- _Instructions for the task_:
Within the data below, find the string "board" and return each line where it occurs.

(Beginning of Supplied material)

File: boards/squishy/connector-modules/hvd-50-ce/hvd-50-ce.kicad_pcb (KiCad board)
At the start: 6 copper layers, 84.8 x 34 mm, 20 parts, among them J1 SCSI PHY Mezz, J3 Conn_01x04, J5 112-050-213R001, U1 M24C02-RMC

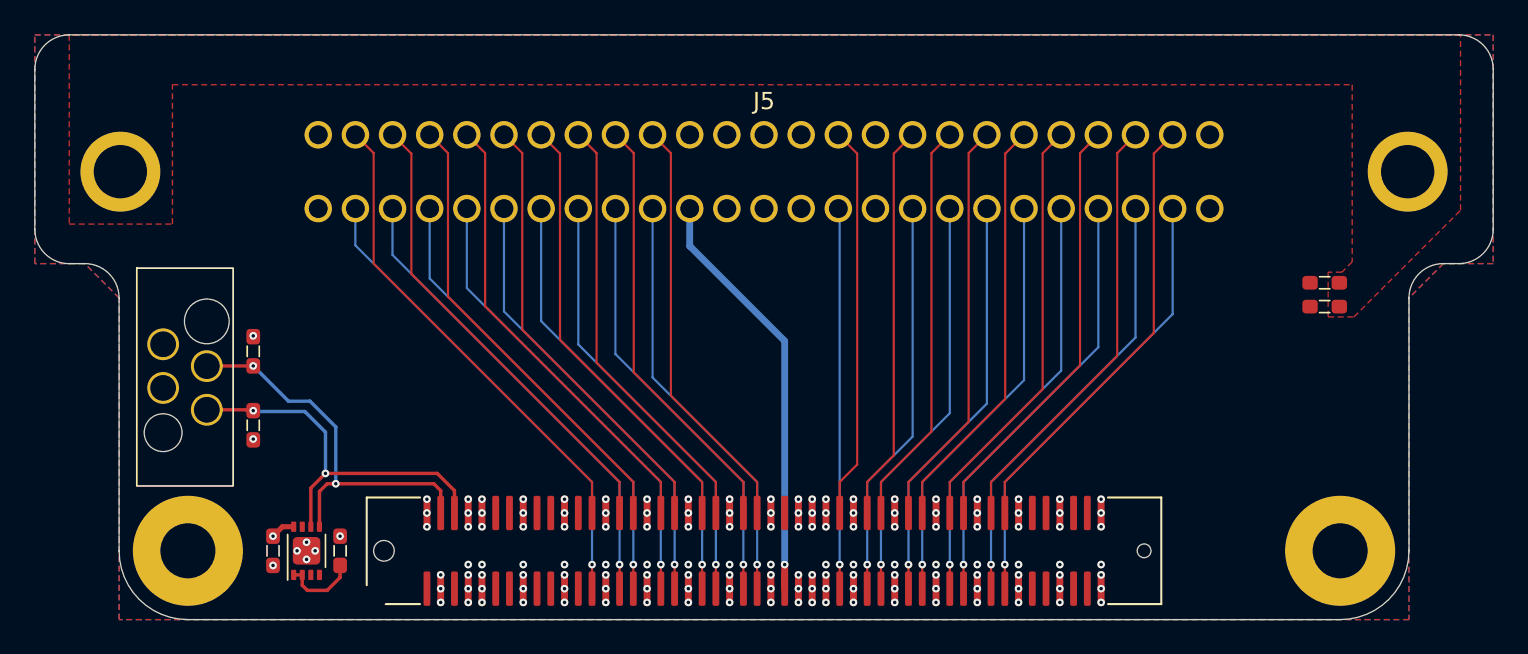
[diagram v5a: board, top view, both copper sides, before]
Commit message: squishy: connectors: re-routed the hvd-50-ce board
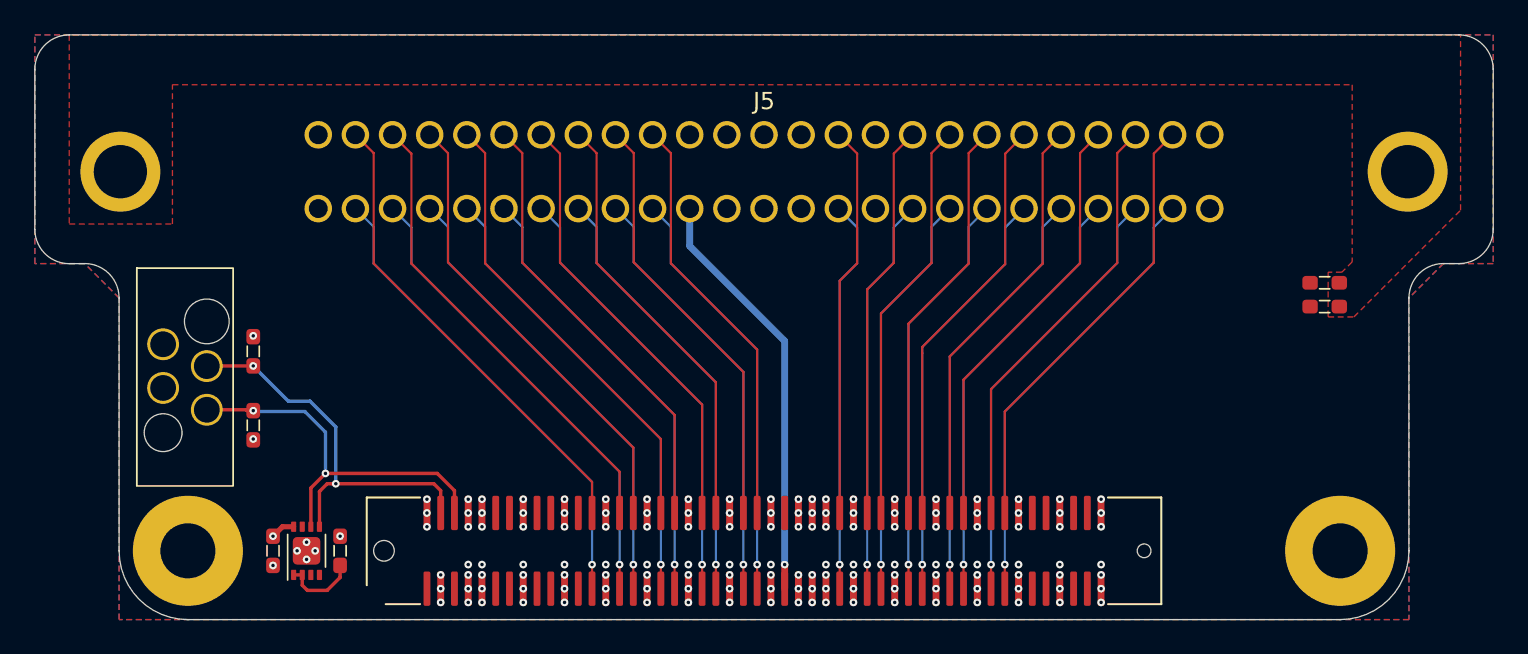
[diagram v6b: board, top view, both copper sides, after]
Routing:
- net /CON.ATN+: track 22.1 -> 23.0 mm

(End of Supplied material)

- _The answer_:
File: boards/squishy/connector-modules/hvd-50-ce/hvd-50-ce.kicad_pcb (KiCad board)
[diagram v5a: board, top view, both copper sides, before]
Commit message: squishy: connectors: re-routed the hvd-50-ce board
[diagram v6b: board, top view, both copper sides, after]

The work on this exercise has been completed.